[Task input Boundary: Start]

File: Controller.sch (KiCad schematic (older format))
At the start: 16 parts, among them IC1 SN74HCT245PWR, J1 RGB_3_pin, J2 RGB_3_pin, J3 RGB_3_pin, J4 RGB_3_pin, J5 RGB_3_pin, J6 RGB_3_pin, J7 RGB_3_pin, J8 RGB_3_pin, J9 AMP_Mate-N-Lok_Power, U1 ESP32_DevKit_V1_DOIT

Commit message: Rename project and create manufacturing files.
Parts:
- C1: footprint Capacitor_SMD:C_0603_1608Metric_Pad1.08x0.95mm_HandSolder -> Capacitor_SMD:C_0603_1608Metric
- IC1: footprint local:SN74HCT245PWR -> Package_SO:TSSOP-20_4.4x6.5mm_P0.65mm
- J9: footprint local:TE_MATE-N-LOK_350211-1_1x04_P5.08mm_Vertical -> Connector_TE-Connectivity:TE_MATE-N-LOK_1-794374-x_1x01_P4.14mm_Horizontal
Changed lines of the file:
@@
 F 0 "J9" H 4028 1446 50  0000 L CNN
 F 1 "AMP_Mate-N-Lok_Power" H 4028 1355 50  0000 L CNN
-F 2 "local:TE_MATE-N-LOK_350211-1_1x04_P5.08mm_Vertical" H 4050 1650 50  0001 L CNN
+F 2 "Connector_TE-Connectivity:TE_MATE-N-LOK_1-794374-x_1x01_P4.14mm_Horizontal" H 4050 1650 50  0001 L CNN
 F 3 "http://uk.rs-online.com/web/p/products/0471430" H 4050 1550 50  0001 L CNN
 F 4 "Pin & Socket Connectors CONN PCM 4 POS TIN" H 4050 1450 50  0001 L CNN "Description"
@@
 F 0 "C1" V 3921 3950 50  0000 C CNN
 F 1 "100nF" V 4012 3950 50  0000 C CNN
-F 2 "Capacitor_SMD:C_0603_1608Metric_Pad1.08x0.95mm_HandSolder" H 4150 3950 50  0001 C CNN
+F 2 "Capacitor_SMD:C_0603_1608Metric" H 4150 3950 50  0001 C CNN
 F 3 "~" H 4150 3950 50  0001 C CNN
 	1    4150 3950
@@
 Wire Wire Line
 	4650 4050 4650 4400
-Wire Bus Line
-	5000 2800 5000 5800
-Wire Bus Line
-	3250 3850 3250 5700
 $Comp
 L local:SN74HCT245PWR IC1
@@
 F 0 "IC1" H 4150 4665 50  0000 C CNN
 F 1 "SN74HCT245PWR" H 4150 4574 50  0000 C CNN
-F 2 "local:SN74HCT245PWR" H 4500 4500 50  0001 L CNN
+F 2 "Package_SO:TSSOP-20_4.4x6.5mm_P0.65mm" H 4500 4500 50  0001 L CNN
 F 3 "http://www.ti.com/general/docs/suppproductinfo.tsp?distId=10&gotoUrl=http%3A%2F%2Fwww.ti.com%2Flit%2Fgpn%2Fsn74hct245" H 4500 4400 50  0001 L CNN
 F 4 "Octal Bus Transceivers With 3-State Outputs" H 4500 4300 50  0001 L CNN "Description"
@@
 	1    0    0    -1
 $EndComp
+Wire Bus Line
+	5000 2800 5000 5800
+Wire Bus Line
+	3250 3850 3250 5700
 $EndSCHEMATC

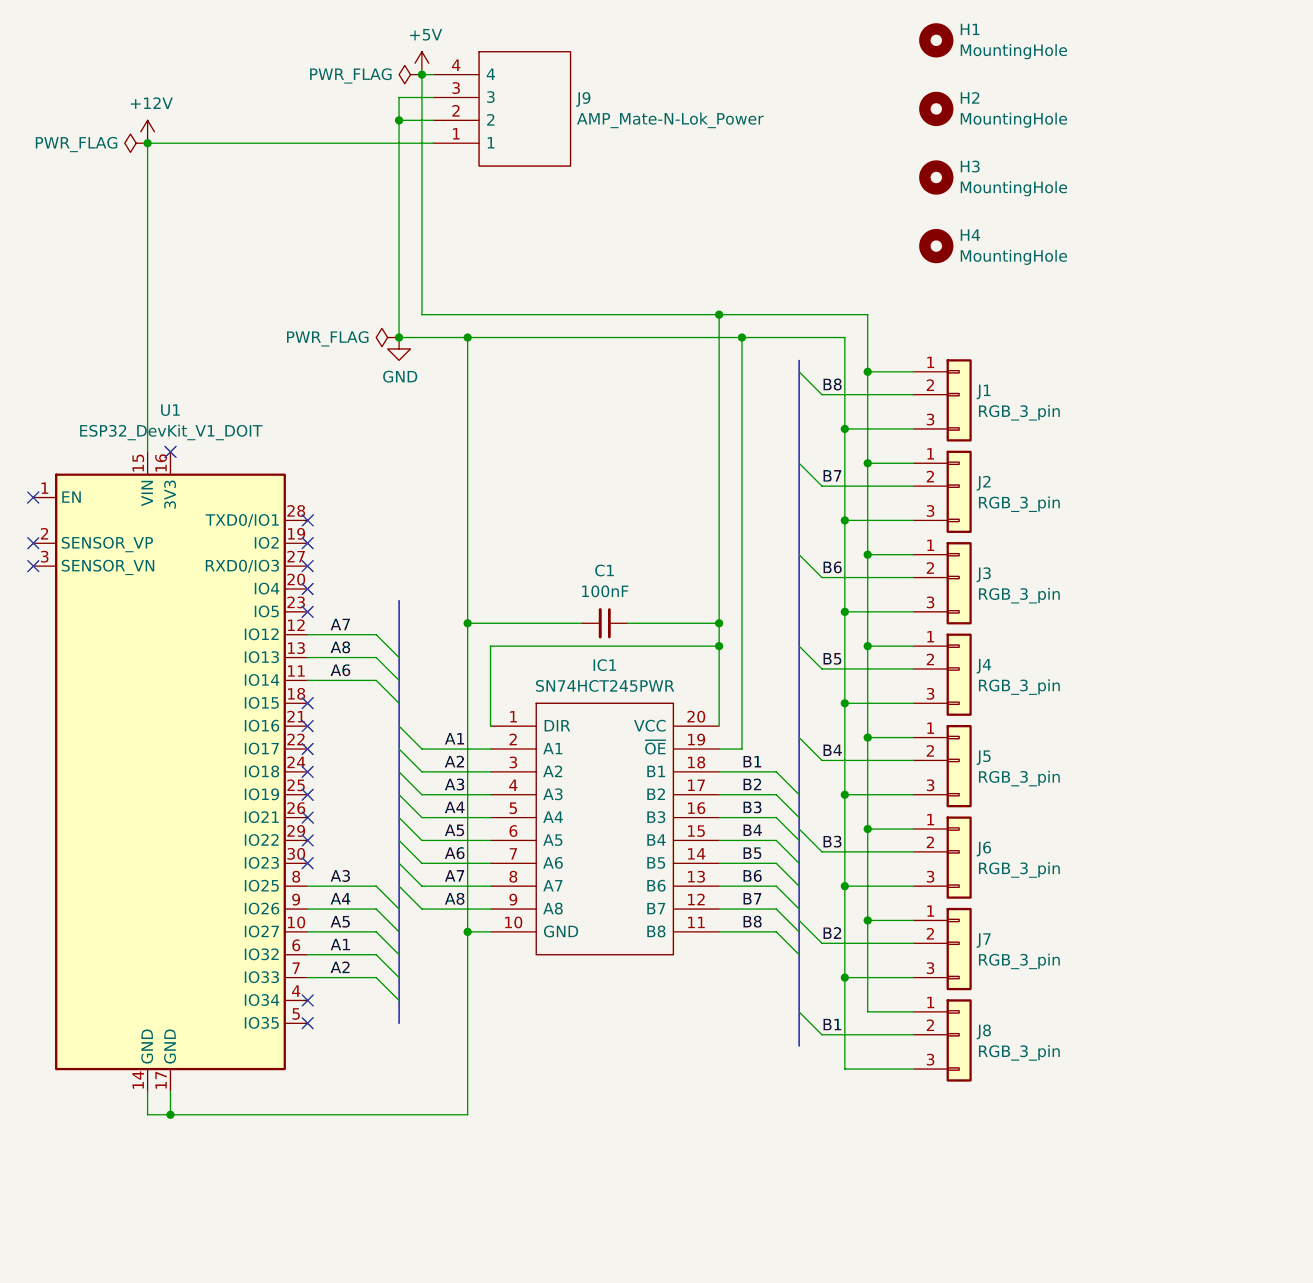
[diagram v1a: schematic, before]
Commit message: More compact layout with 10 channels.
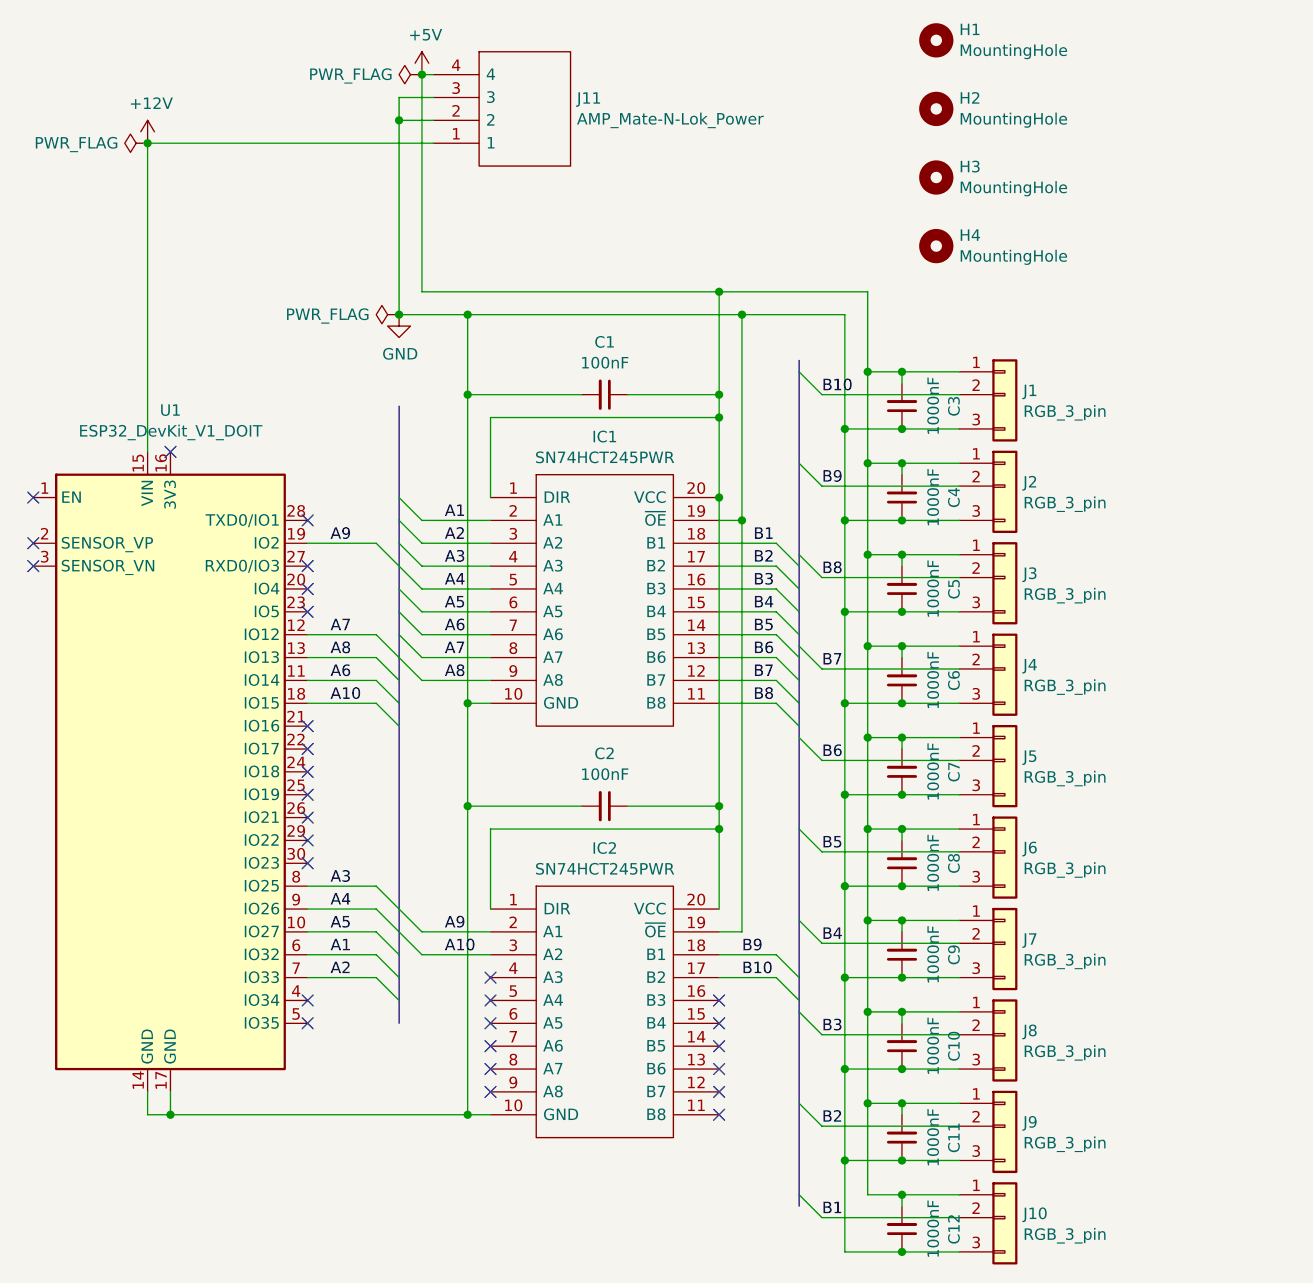
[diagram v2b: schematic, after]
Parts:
- added C10, C11, C12, C3, C4, C5, C6, C7, C8, C9: 1000nF, Capacitor_SMD:C_0603_1608Metric, symbol Device:C_Small
- added C2: 100nF, Capacitor_SMD:C_0603_1608Metric, symbol Device:C_Small
- added IC2: SN74HCT245PWR, Package_SO:TSSOP-20_4.4x6.5mm_P0.65mm, symbol local:SN74HCT245PWR
- added J10, J9: RGB_3_pin, local:RGB_3-Pin, symbol local:RGB_3_pin
- renumbered J9 to J11
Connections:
- net +5V: now also C10.2, C11.2, C12.2, C2.1, C3.2, C4.2, C5.2, C6.2, C7.2, C8.2, C9.2, IC2.1 (DIR), IC2.20 (VCC), J10.1 (Pin_1), J9.1 (Pin_1)
- net B1: now also J10.2 (Pin_2); no longer J8.2 (Pin_2)
- net B2: now also J9.2 (Pin_2); no longer J7.2 (Pin_2)
- net B3: now also J8.2 (Pin_2); no longer J6.2 (Pin_2)
- net B4: now also J7.2 (Pin_2); no longer J5.2 (Pin_2)
- net B5: now also J6.2 (Pin_2); no longer J4.2 (Pin_2)
- net B6: now also J5.2 (Pin_2); no longer J3.2 (Pin_2)
- net B7: now also J4.2 (Pin_2); no longer J2.2 (Pin_2)
- net B8: now also J3.2 (Pin_2); no longer J1.2 (Pin_2)
- net GND: now also C10.1, C11.1, C12.1, C2.2, C3.1, C4.1, C5.1, C6.1, C7.1, C8.1, C9.1, IC2.10 (GND), IC2.19 (~OE), J10.3 (Pin_3), J9.3 (Pin_3)
- net A10: now reaches U1.18 (IO15)
- net A10: now also IC2.3 (A2)
- net A9: now reaches U1.19 (IO2)
- net A9: now also IC2.2 (A1)
- new net B10: IC2.17 (B2), J1.2 (Pin_2)
- new net B9: IC2.18 (B1), J2.2 (Pin_2)
- no-connect marks 19 -> 29
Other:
- moved on the sheet: C1, IC1, J1, J2, J3, J4, J5, J6, J7, J8

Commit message: Update controller to new design.
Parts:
- removed C10, C11, C12, C5, C6, C7, C8, C9: 1000nF, Capacitor_SMD:C_0603_1608Metric, symbol Device:C_Small
- added H5, H6: MountingHole, local:ToolingHole_1.152mm, symbol Mechanical:MountingHole
- C3: value 1000nF -> 100nF
- C4: value 1000nF -> 47uF
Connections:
- net +5V: now also C4.1, U1.15 (VIN); no longer C4.2
- net GND: now also C4.2; no longer C4.1
- net +12V: no longer names the net of J11.1
- net +12V: no longer U1.15 (VIN)
- no-connect marks 29 -> 30
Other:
- moved on the sheet: J1, J10, J2, J3, J4, J5, J6, J7, J8, J9, U1

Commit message: Use 47uF capacitor which is available in JLC's basic library.
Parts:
- C4: footprint Capacitor_SMD:C_0603_1608Metric -> Capacitor_SMD:C_1206_3216Metric
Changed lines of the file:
@@
 F 0 "C4" V 2521 2900 50  0000 C CNN
 F 1 "47uF" V 2612 2900 50  0000 C CNN
-F 2 "Capacitor_SMD:C_0603_1608Metric" H 2750 2900 50  0001 C CNN
+F 2 "Capacitor_SMD:C_1206_3216Metric" H 2750 2900 50  0001 C CNN
 F 3 "~" H 2750 2900 50  0001 C CNN
 	1    2750 2900
@@
 	2650 2800 2850 2800
 NoConn ~ 3400 1850
-Wire Bus Line
-	5000 2800 5000 6500
-Wire Bus Line
-	3250 3000 3250 5700
 $Comp
 L Mechanical:MountingHole H5
@@
 	1    0    0    -1
 $EndComp
+Wire Bus Line
+	5000 2800 5000 6500
+Wire Bus Line
+	3250 3000 3250 5700
 $EndSCHEMATC

[Task input Boundary: End]

> [Problem statement] Where the string "symbol" turns up in a line of the data above, copy that whole line.

> [Answer section]
- added C10, C11, C12, C3, C4, C5, C6, C7, C8, C9: 1000nF, Capacitor_SMD:C_0603_1608Metric, symbol Device:C_Small
- added C2: 100nF, Capacitor_SMD:C_0603_1608Metric, symbol Device:C_Small
- added IC2: SN74HCT245PWR, Package_SO:TSSOP-20_4.4x6.5mm_P0.65mm, symbol local:SN74HCT245PWR
- added J10, J9: RGB_3_pin, local:RGB_3-Pin, symbol local:RGB_3_pin
- removed C10, C11, C12, C5, C6, C7, C8, C9: 1000nF, Capacitor_SMD:C_0603_1608Metric, symbol Device:C_Small
- added H5, H6: MountingHole, local:ToolingHole_1.152mm, symbol Mechanical:MountingHole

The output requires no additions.